Hua Hin, une histoire royale en Thaïlande
Ancien village de pêcheurs, cette station balnéaire indissociable de la monarchie et de la bourgeoisie de Bangkok incarne le calme et la sérénité. Épargnée par le tourisme effréné, elle séduit aujourd’hui des familles en quête de tranquillité.
Les Thaïlandais la décrivent comme « belle » et « paisible ». Nichée sur les rives du golfe de Thaïlande, Hua Hin s’étire entre sable blond, villas en bois de teck, hôtels et immeubles résidentiels, bercée par le ressac et la quiétude environnante. À l’aube, des chevaux trottent parfois sur une plage encore déserte qui baigne dans un air salin.
Située à 200 km au sud de Bangkok, cette ville d’environ 60 000 habitants est la plus ancienne station balnéaire du royaume. Choisie au début du siècle dernier par la monarchie comme lieu de villégiature, puis adoptée par les élites de la capitale, Hua Hin est aujourd’hui moderne et accessible au grand public, mais n’a rien perdu ou presque de son charme d’antan. Surtout, elle séduit par sa discrétion.
« À Hua Hin, les Thaïlandais apprécient le tourisme de loisir qui combine repos et dégustation de fruits de mer. Les étrangers aiment aussi venir se détendre. Ils recherchent une atmosphère paisible, loin de l’agitation, pour prendre leur temps », résumait en 2015 une responsable de l’office du tourisme dans les colonnes du Bangkok Post.
Village de pêcheurs
À l’origine, Hua Hin était un modeste village de pêcheurs. Fondé vers 1834 par un groupe d’agriculteurs venus de Phetchaburi, dont les terres avaient été ravagées par une terrible sécheresse, ils trouvèrent, plus au sud, une petite bourgade en bord de mer, près de l’actuelle jetée. Ils y construisirent des maisons en bois sur pilotis et baptisèrent le lieu « Samor Riang » (« rangée de rochers ») en raison des formations rocheuses qui affleurent le long de la côte.
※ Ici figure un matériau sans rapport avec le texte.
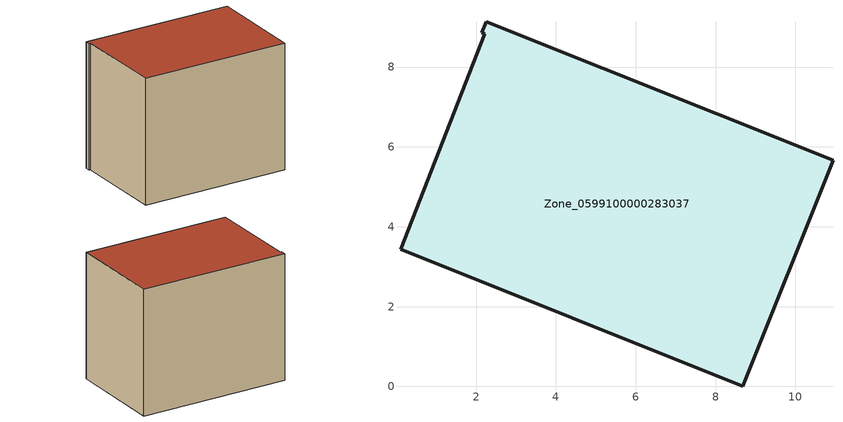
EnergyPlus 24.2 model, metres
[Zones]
Zone_0599100000283037
 floor ground (C_G): 2.21,8.84 2.14,8.86 2.25,9.14 10.94,5.66 8.68,0 0.11,3.44 z0.33
 wall outside (C_F): 8.68,0 10.94,5.66 2.25,9.14 2.14,8.86 2.21,8.84 0.11,3.44 8.68,0 z0.33:8.14
 roof outside (C_R): 2.21,8.84 0.11,3.44 8.68,0 10.94,5.66 2.25,9.14 2.14,8.86 z8.14
[BUILDING]
Pand.0599100000283037: North Axis=0; Terrain=City; Loads Convergence Tolerance Value=0.04; Temperature Convergence Tolerance Value=0.4; Solar Distribution=FullExterior; Maximum Number of Warmup Days=25; Minimum Number of Warmup Days=1
[Site:Location]
Rotterdam.The.Hague.AP_ZH_NLD Design_Conditions: Latitude=51.96; Longitude=4.45; Time Zone=1; Elevation=-4.5
[SITE:GROUNDTEMPERATURE:BUILDINGSURFACE]
18, 18, 18, 18, 18, 18, 18, 18, 18, 18, 18, 18
[MATERIAL] Thermal Absorptance=0.9; Solar Absorptance=0.7; Visible Absorptance=0.7
Name | Roughness | Thickness | Conductivity | Density | Specific Heat
G.TI.1965-1974 | MediumSmooth | 0.15 | 0.882353 | 540 | 1210
F.TI.1965-1974 | Rough | 0.3 | 0.697674 | 1920 | 840
R.TI.1965-1974 | MediumRough | 0.2 | 0.232558 | 1500 | 1000
[CONSTRUCTION]
C_G: G.TI.1965-1974
C_F: F.TI.1965-1974
C_R: R.TI.1965-1974
[ZONE]
Zone_0599100000283037: Type=1; Multiplier=1; Ceiling Height=Autocalculate; Volume=Autocalculate; Floor Area=autocalculate; Part of Total Floor Area=Yes
[ZONEINFILTRATION:DESIGNFLOWRATE]
Infil_Zone_0599100000283037: Zone or ZoneList or Space or SpaceList=Zone_0599100000283037; Schedule=AlwaysOn; Design Flow Rate Calculation Method=Flow/Area; Flow Rate per Floor Area=0.003; Constant Term Coefficient=1; Temperature Term Coefficient=0; Velocity Term Coefficient=0; Velocity Squared Term Coefficient=0
[HVACTEMPLATE:ZONE:IDEALLOADSAIRSYSTEM]
Zone_0599100000283037: Maximum Heating Supply Air Temperature=50; Minimum Cooling Supply Air Temperature=13; Maximum Heating Supply Air Humidity Ratio=0.0156; Minimum Cooling Supply Air Humidity Ratio=0.0077; Heating Limit=NoLimit; Cooling Limit=NoLimit; Dehumidification Control Type=ConstantSensibleHeatRatio; Cooling Sensible Heat Ratio=0.7; Dehumidification Setpoint=60; Humidification Control Type=None; Humidification Setpoint=30; Outdoor Air Method=None; Outdoor Air Flow Rate per Person=0.00944; Outdoor Air Flow Rate per Zone Floor Area=0; Outdoor Air Flow Rate per Zone=0; Demand Controlled Ventilation Type=None; Outdoor Air Economizer Type=NoEconomizer; Heat Recovery Type=None; Sensible Heat Recovery Effectiveness=0.7; Latent Heat Recovery Effectiveness=0.65
[ZONECONTROL:THERMOSTAT]
ThermostatControl_Zone_0599100000283037: Zone or ZoneList=Zone_0599100000283037; Control Type Schedule=DualSetpointControlType; Control 1=Thermostat_Zone_0599100000283037; Temperature Difference Between Cutout And Setpoint=0
[THERMOSTATSETPOINT:DUALSETPOINT]
Thermostat_Zone_0599100000283037: Heating Setpoint Temperature Schedule=HeatingSetpoint_Zone_0599100000283037; Cooling Setpoint Temperature Schedule=CoolingSetpoint_Zone_0599100000283037
[SCHEDULE:COMPACT]
HeatingSetpoint_Zone_0599100000283037: Through: 12/31, For: AllDays, Until: 24:00, 21
CoolingSetpoint_Zone_0599100000283037: Through: 12/31, For: AllDays, Until: 24:00, 24
DualSetpointControlType: Through: 12/31, For: AllDays, Until: 24:00, 4
AlwaysOn: Through: 12/31, For: AllDays, Until: 24:00, 1

Puis au début du XXème siècle, la famille royale se mit à fréquenter les environs. Des récits locaux racontent que le prince Chakrabongse Bhuvanath, fils du roi Chulalongkorn (Rama V) est d’abord tombé sous le charme du petit village à l’issue d’une partie de chasse organisée pour la réception du grand-duc de Russie dans la région. C’est ensuite le prince Purachatra Jayakara qui, « après être allé admirer le site, écrit l’universitaire Prudhisan Jumbala dans un article de blog, informa le roi Vajiravudh (Rama VI) et encouragea avec succès plusieurs membres de la famille royale et quelques nobles à acquérir des terrains pour y construire leurs résidences secondaires ». « Le prince Nares Varariddhi fut le premier à le faire, ajoute l’expert. C’est lui qui donna à cet endroit son nouveau nom, Hua Hin. »
Le développement du chemin de fer joue au même moment un rôle décisif : mise sur pied par des ingénieurs britanniques mandatés par l’État siamois (le Siam étant l’ancien nom de la Thaïlande), la ligne relie Bangkok à Hua Hin pour la première fois en 1911. Ce progrès, comme le souligne un article du Time, « met fin aux longs trajets à dos d’éléphant que la famille royale devait effectuer depuis Bangkok pour se rendre à la plage ».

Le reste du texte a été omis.